*Information shown*:

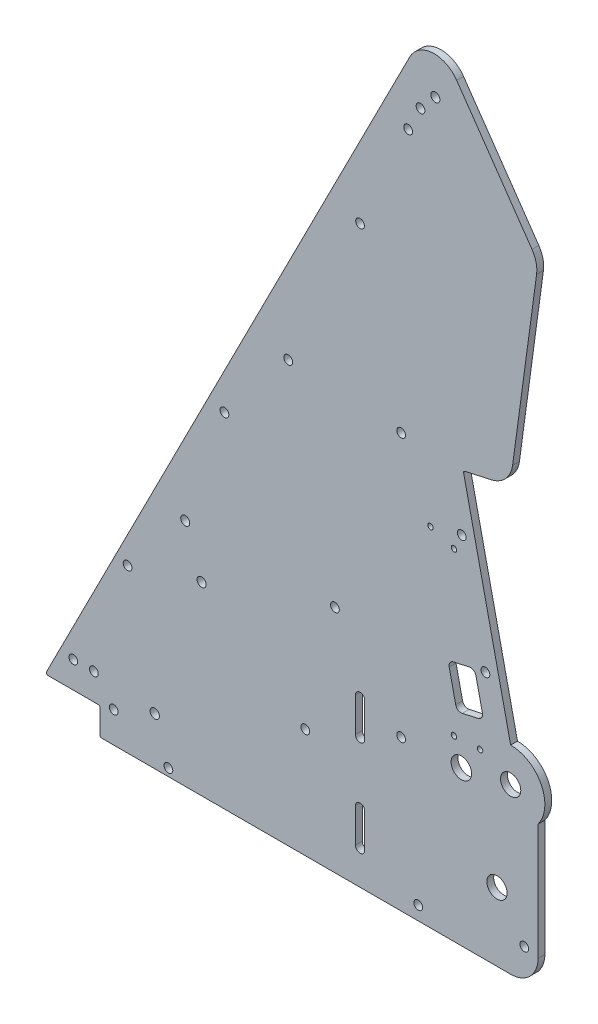
SolidWorks part; units mm, degrees
other "Markup1"
sketch "Sketch5"
ref_plane "Front Plane" through (0, 0, 0) normal (0, 0, 1) x (1, 0, 0)
ref_plane "Top Plane" through (0, 0, 0) normal (0, 1, 0) x (1, 0, 0)
ref_plane "Right Plane" through (0, 0, 0) normal (1, 0, 0) x (0, 0, -1)
sketch "Sketch1" plane through (0, 0, 0) normal (0, 0, 1) x (1, 0, 0)
  line L1 (228.6, -12.7) -> (228.6, 53.975)
  line L2 (178.7547, 351.4131) -> (0, 0)
  line L3 (228.6, 279.4) -> (178.7547, 351.4131)
  line L5 (0, 0) -> (25.4, 0)
  line L6 (25.4, 0) -> (25.4, -12.7)
  line L7 (25.4, -12.7) -> (228.6, -12.7)
  line L9 (215.9, 79.375) -> (193.9097, 178.5667)
  line L10 (193.9097, 178.5667) -> (215.6079, 183.377)
  line L11 (215.6079, 183.377) -> (228.6, 279.4)
  arc A0 (228.6, 53.975) -> (215.9, 79.375) centre (215.9, 63.5) ccw
  dimension "D7" = 12.7
  dimension "D8" = 76.2
  dimension "D10" = 31.75
  dimension "D2" = 292.1
  dimension "D3" = 25.4
  dimension "D4" = 215.9
  dimension "D5" = 394.2644
  dimension "D6" = 203.2
  dimension "D9" = 63.039
  dimension "D11" = 101.6
  dimension "D12" = 12.5
  dimension "D13" = 22.225
extrude "Boss-Extrude1" add sketch "Sketch1" along normal blind 3.175
sketch "Sketch2" plane through (0, 0, 3.175) normal (0, 0, 1) x (1, 0, 0)
  line L0 (178.7547, 351.4131) -> (0, 0) construction
  line L1 (25.4, -12.7) -> (228.6, -12.7) construction
  line L2 (215.9, 79.375) -> (193.9097, 178.5667) construction
  line L3 (193.9097, 178.5667) -> (215.6079, 183.377) construction
  line L4 (215.9, 79.375) -> (193.9097, 178.5667) construction
  line L5 (64.9432, 94.0578) -> (72.5445, 73.1732) construction
  line L6 (64.9432, 94.0578) -> (89.8317, 94.0578) construction
  line L10 (228.6, -12.7) -> (228.6, 53.975) construction
  circle A0 centre (64.9432, 94.0578) radius 2.0955
  circle A1 centre (180.975, 322.1643) radius 2.0955
  circle A2 centre (72.5445, 73.1732) radius 2.0955
  circle A3 centre (193.2078, 152.3944) radius 2.032
  circle A4 centre (215.9, 63.5) radius 4.699
  circle A7 centre (173.0375, -6.35) radius 2.032
  circle A8 centre (204.203, 102.7985) radius 2.032
  circle A26 centre (209.55, 19.05) radius 4.699
  arc A30 (228.6, 53.975) -> (215.9, 79.375) centre (215.9, 63.5) ccw construction
  circle A31 centre (165.1, 179.3875) radius 2.032
  dimension "D3" = 4.191
  dimension "D5" = 4.191
  dimension "D9" = 4.191
  dimension "D20" = 9.398
  dimension "D23" = 9.398
  dimension "D18" = 4.064
  dimension "D26" = 4.064
  dimension "D14" = 4.064
  dimension "D2" = 15.24
  dimension "D6" = 15.24
  dimension "D7" = 22.225
  dimension "D21" = 44.45
  dimension "D22" = 6.35
  dimension "D19" = 160.3375
  dimension "D24" = 44.45
  dimension "D25" = 6.35
  dimension "D27" = 25.4
  dimension "D28" = 50.8
  dimension "D29" = 6.35
  dimension "D17" = 6.35
  dimension "D33" = 55.5625
  dimension "D15" = 114.3
  dimension "D4" = 180.975
  dimension "D8" = 70
extrude "Cut-Extrude1" cut sketch "Sketch2" against normal through all
sketch "Sketch7" plane through (0, 0, 3.175) normal (0, 0, 1) x (1, 0, 0)
  line L0 (146.05, 3.175) -> (146.05, 19.05) construction
  line L1 (143.891, 3.175) -> (143.891, 19.05)
  line L2 (148.209, 3.175) -> (148.209, 19.05)
  line L3 (146.05, 47.625) -> (146.05, 63.5) construction
  line L4 (143.891, 47.625) -> (143.891, 63.5)
  line L5 (148.209, 47.625) -> (148.209, 63.5)
  line L6 (25.4, -12.7) -> (228.6, -12.7) construction
  line L12 (228.6, -12.7) -> (228.6, 53.975) construction
  line L13 (25.4, -12.7) -> (228.6, -12.7) construction
  arc A0 (143.891, 3.175) -> (148.209, 3.175) centre (146.05, 3.175) ccw
  arc A1 (148.209, 19.05) -> (143.891, 19.05) centre (146.05, 19.05) ccw
  arc A2 (143.891, 47.625) -> (148.209, 47.625) centre (146.05, 47.625) ccw
  arc A3 (148.209, 63.5) -> (143.891, 63.5) centre (146.05, 63.5) ccw
  circle A8 centre (50.8, 9.525) radius 2.159
  circle A10 centre (134.3935, 93.98) radius 2.032 construction
  circle A11 centre (134.3935, 93.98) radius 2.032
  point P2 (146.05, 11.1125)
  point P9 (146.05, 55.5625)
  dimension "D1" = 4.318
  dimension "D5" = 4.318
  dimension "D2" = 15.875
  dimension "D3" = 15.875
  dimension "D4" = 44.45
  dimension "D6" = 95.25
  dimension "D7" = 82.55
  dimension "D8" = 15.875
  dimension "D9" = 22.225
extrude "Cut-Extrude2" cut sketch "Sketch7" against normal through all
sketch "Sketch10" plane through (0, 0, 3.175) normal (0, 0, 1) x (1, 0, 0)
  circle A1 centre (165.1, 57.15) radius 2.032
  circle A2 centre (120.65, 38.1) radius 2.032
  circle A3 centre (13.0465, 12.3347) radius 2.032
  circle A4 centre (22.5715, 12.3347) radius 2.032
  circle A5 centre (38.2114, 62.6398) radius 2.032
  dimension "D1" = 4.064
  dimension "D2" = 4.064
  dimension "D4" = 63.5
  dimension "D5" = 69.85
extrude "Cut-Extrude3" cut sketch "Sketch10" against normal up to next
fillet "Fillet1" radius 12.7 4 edges at (228.6, -12.7, 1.5875) (178.7547, 351.4131, 1.5875) (215.6079, 183.377, 1.5875) (228.6, 279.4, 1.5875)
fillet "Fillet2" radius 0.7937 4 edges at (25.4, -12.7, 1.5875) (25.4, 0, 1.5875) (193.9097, 178.5667, 1.5875) (0, 0, 1.5875)
sketch "Sketch12" plane through (0, 0, 3.175) normal (0, 0, 1) x (1, 0, 0)
  circle A0 centre (31.75, 1.5875) radius 2.032
  circle A1 centre (222.25, 1.5875) radius 2.032
  circle A2 centre (57.15, -9.2075) radius 2.032
  circle A3 centre (57.15, -9.2075) radius 2.286 construction
  dimension "D1" = 4.064
  dimension "D2" = 4.064
extrude "Cut-Extrude5" cut sketch "Sketch12" against normal through all
sketch "Sketch13" plane through (0, 0, 3.175) normal (0, 0, 1) x (1, 0, 0)
  line L2 (194.6847, 178.7385) -> (206.9592, 181.4597) construction
  line L5 (199.2434, 101.699) -> (189.6226, 145.0954) construction
  line L6 (189.6022, 69.9806) -> (201.7089, 70.5092) construction
  line L7 (186.8444, 98.9502) -> (199.2434, 101.699)
  line L8 (186.8444, 98.9502) -> (190.9676, 80.3518)
  line L9 (190.9676, 80.3518) -> (203.3665, 83.1006)
  line L10 (199.2434, 101.699) -> (203.3665, 83.1006)
  line L11 (189.6022, 69.9806) -> (190.9676, 80.3518) construction
  line L12 (201.7089, 70.5092) -> (203.3665, 83.1006) construction
  line L13 (215.9, 79.375) -> (194.0815, 177.7917) construction
  line L14 (178.7216, 148.5324) -> (189.6226, 145.0954) construction
  circle A0 centre (189.6022, 69.9806) radius 1.27
  circle A1 centre (201.7089, 70.5092) radius 1.27
  circle A2 centre (178.7216, 148.5324) radius 1.27
  circle A3 centre (189.6226, 145.0954) radius 1.27
  dimension "D7" = 2.54
  dimension "D2" = 11.43
  dimension "D3" = 76.2
  dimension "D4" = 12.7
  dimension "D5" = 19.05
  dimension "D6" = 120
  dimension "D8" = 110
  dimension "D9" = 80
  dimension "D10" = 12.7
  dimension "D11" = 44.45
  dimension "D12" = 11.43
extrude "Cut-Extrude6" cut sketch "Sketch13" against normal through all both and the other way through all
sketch "Sketch14" plane through (0, 0, 3.175) normal (0, 0, 1) x (1, 0, 0)
  line L0 (26.1937, -12.7) -> (215.9, -12.7) construction
  line L1 (228.6, 0) -> (228.6, 53.975) construction
  circle A0 centre (146.05, 254) radius 2.032
  circle A1 centre (112.7125, 182.5625) radius 2.032
  dimension "D1" = 4.064
  dimension "D2" = 195.2625
  dimension "D3" = 115.8875
  dimension "D4" = 82.55
  dimension "D5" = 266.7
extrude "Cut-Extrude7" cut sketch "Sketch14" against normal up to next
sketch "Sketch15" plane through (0, 0, 3.175) normal (0, 0, 1) x (1, 0, 0)
  line L0 (169.1053, 332.4434) -> (0.5868, 1.1536) construction
  circle A0 centre (83.1368, 146.6315) radius 2.032
  circle A1 centre (174.0995, 314.25) radius 2.032
  circle A2 centre (168.3414, 302.9303) radius 2.032
  circle A3 centre (174.0995, 314.25) radius 1.905 construction
  circle A4 centre (168.3414, 302.9303) radius 1.905 construction
  dimension "D1" = 4.064
  dimension "D4" = 4.064
  dimension "D2" = 7.62
  dimension "D3" = 82.55
extrude "Cut-Extrude8" cut sketch "Sketch15" against normal through all
fillet "Fillet3" radius 2.54 4 edges at (199.2434, 101.699, 1.5875) (186.8444, 98.9502, 1.5875) (190.9676, 80.3518, 1.5875) (203.3665, 83.1006, 1.5875)
sketch "Sketch16" plane through (0, 0, 3.175) normal (0, 0, 1) x (1, 0, 0)
  line L0 (228.6, 0) -> (228.6, 53.975) construction
  line L1 (26.1937, -12.7) -> (215.9, -12.7) construction
  circle A0 centre (193.04, 58.801) radius 4.7625
  point P2 (194.084, 58.8033)
  dimension "D1" = 9.525
  dimension "D2" = 35.56
  dimension "D3" = 71.501
extrude "Cut-Extrude9" cut sketch "Sketch16" against normal through all
equation "\"D6@Sketch2\"=\"D2@Sketch2\""

*Task item*:
Which lines above include the word "against"? Pick them out and copy them.

*Answer to this exercise*:
extrude "Cut-Extrude1" cut sketch "Sketch2" against normal through all
extrude "Cut-Extrude2" cut sketch "Sketch7" against normal through all
extrude "Cut-Extrude3" cut sketch "Sketch10" against normal up to next
extrude "Cut-Extrude5" cut sketch "Sketch12" against normal through all
extrude "Cut-Extrude6" cut sketch "Sketch13" against normal through all both and the other way through all
extrude "Cut-Extrude7" cut sketch "Sketch14" against normal up to next
extrude "Cut-Extrude8" cut sketch "Sketch15" against normal through all
extrude "Cut-Extrude9" cut sketch "Sketch16" against normal through all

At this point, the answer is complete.